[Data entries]
........
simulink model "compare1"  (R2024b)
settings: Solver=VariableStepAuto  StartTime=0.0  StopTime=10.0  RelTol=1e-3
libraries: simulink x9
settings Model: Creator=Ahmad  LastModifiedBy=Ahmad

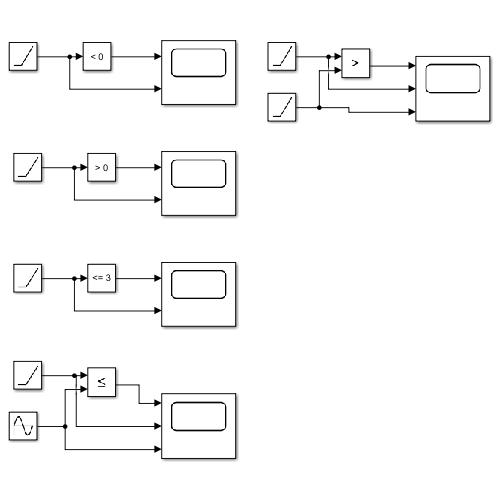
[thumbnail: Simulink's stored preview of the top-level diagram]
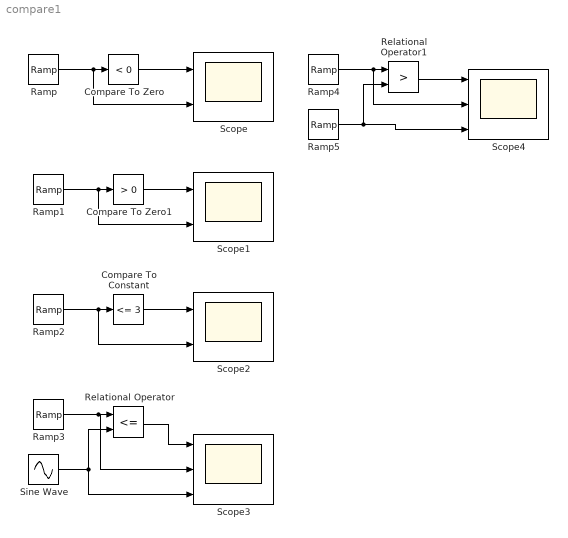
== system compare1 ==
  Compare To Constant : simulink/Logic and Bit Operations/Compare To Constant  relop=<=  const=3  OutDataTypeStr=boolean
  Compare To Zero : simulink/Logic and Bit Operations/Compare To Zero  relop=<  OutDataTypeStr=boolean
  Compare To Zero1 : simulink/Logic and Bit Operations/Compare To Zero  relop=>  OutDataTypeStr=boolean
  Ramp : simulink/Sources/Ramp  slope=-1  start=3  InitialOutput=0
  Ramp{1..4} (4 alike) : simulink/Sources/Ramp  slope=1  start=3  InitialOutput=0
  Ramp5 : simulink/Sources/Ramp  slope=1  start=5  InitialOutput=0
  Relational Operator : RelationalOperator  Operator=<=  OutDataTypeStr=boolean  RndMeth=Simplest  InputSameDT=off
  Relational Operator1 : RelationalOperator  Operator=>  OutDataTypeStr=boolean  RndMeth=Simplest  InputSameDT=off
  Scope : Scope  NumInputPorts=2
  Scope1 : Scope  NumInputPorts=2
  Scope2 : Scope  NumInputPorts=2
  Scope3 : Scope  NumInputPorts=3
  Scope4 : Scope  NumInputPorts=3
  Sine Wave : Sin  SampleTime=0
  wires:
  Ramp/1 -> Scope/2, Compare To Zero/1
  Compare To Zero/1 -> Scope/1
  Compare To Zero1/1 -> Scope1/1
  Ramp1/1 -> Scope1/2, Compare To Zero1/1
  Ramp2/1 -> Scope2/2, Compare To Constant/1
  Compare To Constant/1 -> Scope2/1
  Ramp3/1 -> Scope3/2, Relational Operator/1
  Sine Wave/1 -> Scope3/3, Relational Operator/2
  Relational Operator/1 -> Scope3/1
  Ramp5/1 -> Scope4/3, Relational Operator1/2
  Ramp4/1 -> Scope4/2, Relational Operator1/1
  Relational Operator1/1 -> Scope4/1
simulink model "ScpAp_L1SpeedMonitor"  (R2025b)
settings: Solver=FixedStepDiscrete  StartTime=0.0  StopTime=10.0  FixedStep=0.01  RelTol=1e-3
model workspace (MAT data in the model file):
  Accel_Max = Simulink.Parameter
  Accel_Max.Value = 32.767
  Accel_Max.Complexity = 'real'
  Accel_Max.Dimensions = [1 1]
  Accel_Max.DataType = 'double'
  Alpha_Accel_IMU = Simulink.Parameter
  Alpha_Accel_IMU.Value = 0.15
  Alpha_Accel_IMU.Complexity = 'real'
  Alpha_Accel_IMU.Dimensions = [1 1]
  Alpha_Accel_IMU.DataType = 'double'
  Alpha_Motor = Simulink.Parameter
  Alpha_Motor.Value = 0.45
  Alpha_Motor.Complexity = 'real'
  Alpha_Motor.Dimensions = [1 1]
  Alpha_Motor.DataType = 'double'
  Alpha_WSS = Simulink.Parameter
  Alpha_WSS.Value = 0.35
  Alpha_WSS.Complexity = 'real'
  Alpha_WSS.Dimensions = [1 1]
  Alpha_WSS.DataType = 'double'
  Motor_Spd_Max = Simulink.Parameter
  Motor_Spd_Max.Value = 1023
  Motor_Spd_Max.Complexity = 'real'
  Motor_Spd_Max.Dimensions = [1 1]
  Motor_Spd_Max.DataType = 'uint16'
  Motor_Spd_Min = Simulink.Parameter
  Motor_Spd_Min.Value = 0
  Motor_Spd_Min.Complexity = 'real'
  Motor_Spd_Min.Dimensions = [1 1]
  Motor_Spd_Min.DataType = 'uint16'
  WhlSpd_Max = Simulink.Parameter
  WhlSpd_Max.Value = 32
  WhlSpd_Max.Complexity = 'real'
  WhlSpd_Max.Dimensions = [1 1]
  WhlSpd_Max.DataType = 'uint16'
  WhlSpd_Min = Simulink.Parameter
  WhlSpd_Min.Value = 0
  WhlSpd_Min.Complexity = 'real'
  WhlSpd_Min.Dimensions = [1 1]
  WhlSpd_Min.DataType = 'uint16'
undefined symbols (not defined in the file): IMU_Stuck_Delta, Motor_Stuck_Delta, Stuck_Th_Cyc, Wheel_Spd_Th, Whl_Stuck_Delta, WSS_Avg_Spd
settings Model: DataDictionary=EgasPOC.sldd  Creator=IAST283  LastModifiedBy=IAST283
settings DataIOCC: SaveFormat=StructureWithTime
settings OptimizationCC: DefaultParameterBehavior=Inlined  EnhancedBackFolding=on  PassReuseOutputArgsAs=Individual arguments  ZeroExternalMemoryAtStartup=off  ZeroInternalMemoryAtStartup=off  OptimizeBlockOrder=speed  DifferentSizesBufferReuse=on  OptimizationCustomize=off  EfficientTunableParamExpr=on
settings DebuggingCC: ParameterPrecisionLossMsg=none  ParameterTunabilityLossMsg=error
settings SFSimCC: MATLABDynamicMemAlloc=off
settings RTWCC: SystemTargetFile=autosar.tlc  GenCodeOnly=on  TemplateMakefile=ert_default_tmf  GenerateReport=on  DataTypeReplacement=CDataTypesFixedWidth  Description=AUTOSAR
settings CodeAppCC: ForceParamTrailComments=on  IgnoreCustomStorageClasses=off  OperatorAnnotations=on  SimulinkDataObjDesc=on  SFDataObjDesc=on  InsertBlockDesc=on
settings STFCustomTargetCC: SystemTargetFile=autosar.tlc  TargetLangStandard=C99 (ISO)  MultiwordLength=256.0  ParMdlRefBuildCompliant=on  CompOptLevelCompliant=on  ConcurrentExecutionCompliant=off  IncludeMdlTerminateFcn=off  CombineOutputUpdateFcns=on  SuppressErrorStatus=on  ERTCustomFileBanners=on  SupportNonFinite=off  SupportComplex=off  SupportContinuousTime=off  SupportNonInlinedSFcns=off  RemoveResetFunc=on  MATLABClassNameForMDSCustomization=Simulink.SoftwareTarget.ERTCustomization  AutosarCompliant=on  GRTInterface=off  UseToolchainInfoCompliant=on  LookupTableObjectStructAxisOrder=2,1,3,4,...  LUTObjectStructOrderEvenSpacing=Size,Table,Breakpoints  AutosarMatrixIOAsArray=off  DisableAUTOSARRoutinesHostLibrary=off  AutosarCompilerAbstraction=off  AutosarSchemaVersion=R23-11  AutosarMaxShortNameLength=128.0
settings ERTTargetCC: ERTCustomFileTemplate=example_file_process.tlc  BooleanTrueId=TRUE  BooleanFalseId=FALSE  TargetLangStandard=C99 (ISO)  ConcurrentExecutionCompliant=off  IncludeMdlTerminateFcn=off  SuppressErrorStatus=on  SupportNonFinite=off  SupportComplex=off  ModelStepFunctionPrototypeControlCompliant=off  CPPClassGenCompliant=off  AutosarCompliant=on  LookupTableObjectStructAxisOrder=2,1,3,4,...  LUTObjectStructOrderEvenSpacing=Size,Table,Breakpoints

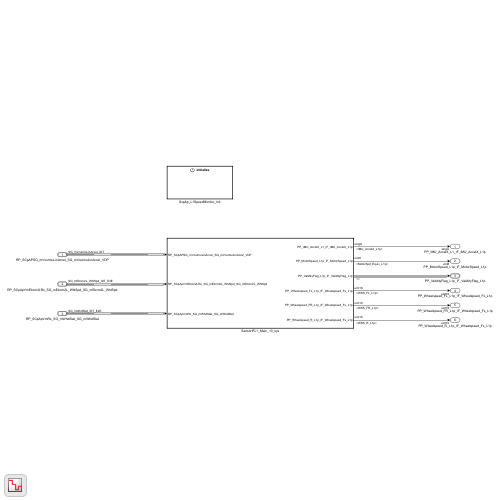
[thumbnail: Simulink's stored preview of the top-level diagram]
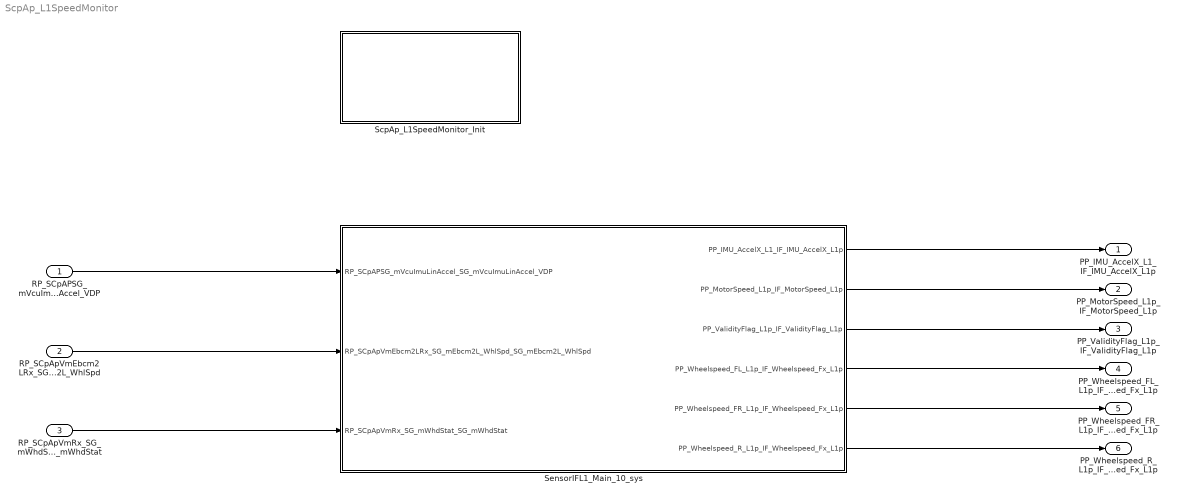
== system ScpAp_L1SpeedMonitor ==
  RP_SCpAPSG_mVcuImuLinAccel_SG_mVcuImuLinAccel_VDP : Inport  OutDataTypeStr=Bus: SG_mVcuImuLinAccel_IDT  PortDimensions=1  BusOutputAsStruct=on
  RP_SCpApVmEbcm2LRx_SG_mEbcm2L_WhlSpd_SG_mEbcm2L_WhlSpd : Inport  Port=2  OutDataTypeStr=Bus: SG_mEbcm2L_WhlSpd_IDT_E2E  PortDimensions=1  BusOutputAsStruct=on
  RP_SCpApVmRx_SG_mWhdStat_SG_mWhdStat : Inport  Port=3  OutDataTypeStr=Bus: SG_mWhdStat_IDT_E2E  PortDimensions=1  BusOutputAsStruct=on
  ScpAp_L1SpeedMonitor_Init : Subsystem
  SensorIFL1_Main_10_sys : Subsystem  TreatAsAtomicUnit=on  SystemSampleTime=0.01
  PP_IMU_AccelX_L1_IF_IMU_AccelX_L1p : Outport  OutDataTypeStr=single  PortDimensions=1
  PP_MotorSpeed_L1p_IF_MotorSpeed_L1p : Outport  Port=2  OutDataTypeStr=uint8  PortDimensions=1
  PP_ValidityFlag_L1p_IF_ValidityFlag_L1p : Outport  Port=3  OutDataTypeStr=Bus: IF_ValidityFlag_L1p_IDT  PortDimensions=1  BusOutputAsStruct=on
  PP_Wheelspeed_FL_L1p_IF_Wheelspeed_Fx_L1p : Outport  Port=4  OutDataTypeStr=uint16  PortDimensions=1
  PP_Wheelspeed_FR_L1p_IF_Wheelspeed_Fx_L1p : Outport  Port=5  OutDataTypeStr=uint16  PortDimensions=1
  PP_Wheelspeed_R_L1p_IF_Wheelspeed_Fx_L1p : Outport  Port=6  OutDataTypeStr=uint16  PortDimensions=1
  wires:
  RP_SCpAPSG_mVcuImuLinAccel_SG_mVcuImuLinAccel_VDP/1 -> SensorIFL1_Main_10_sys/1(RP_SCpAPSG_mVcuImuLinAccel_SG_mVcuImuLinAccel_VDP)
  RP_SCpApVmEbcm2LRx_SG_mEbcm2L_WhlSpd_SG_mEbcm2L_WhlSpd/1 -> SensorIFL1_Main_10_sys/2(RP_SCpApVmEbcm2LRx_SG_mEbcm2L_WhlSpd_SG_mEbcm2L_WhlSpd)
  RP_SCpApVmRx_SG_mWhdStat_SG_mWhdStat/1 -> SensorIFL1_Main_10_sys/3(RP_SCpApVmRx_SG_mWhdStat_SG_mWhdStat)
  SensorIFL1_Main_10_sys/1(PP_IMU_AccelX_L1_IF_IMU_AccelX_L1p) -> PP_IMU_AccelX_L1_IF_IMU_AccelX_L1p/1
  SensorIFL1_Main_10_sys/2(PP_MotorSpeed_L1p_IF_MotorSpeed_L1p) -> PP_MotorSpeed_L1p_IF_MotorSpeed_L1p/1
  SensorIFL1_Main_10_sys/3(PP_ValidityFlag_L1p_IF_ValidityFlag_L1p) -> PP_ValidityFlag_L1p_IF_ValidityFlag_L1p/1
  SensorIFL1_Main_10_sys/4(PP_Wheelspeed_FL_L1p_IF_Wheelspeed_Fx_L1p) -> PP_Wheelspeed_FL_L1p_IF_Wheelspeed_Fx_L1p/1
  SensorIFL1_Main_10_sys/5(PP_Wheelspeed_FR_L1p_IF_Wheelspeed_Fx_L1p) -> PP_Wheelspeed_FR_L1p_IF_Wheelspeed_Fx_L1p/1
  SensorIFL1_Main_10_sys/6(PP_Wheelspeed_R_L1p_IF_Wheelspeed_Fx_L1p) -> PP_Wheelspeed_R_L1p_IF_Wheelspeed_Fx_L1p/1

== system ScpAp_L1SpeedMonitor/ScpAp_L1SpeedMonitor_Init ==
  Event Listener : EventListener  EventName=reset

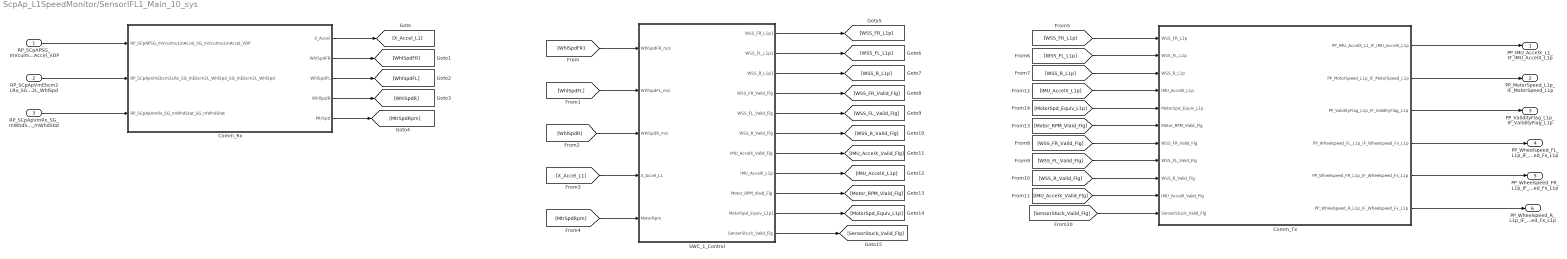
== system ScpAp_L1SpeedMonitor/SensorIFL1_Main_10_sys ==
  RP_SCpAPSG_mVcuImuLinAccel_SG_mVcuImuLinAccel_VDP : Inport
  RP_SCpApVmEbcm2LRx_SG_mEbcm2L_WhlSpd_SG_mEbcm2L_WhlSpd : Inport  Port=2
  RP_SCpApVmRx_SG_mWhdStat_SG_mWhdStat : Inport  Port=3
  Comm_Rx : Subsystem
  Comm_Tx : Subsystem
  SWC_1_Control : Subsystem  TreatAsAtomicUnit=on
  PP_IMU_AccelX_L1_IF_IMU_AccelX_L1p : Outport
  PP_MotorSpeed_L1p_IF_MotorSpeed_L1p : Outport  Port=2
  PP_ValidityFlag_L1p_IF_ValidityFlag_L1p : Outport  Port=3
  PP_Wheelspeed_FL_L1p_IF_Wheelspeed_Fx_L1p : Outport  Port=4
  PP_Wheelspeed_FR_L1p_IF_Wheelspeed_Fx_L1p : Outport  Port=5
........
## EXERCISE AIM
"settings Model: Creator=Ahmad" marks the first line to copy, and "Compare To Constant : simulink/Logic" marks the last. Repeat that stretch above exactly, with no pictures.

## EXERCISE RESULT
settings Model: Creator=Ahmad  LastModifiedBy=Ahmad

[thumbnail: Simulink's stored preview of the top-level diagram]
== system compare1 ==
  Compare To Constant : simulink/Logic and Bit Operations/Compare To Constant  relop=<=  const=3  OutDataTypeStr=boolean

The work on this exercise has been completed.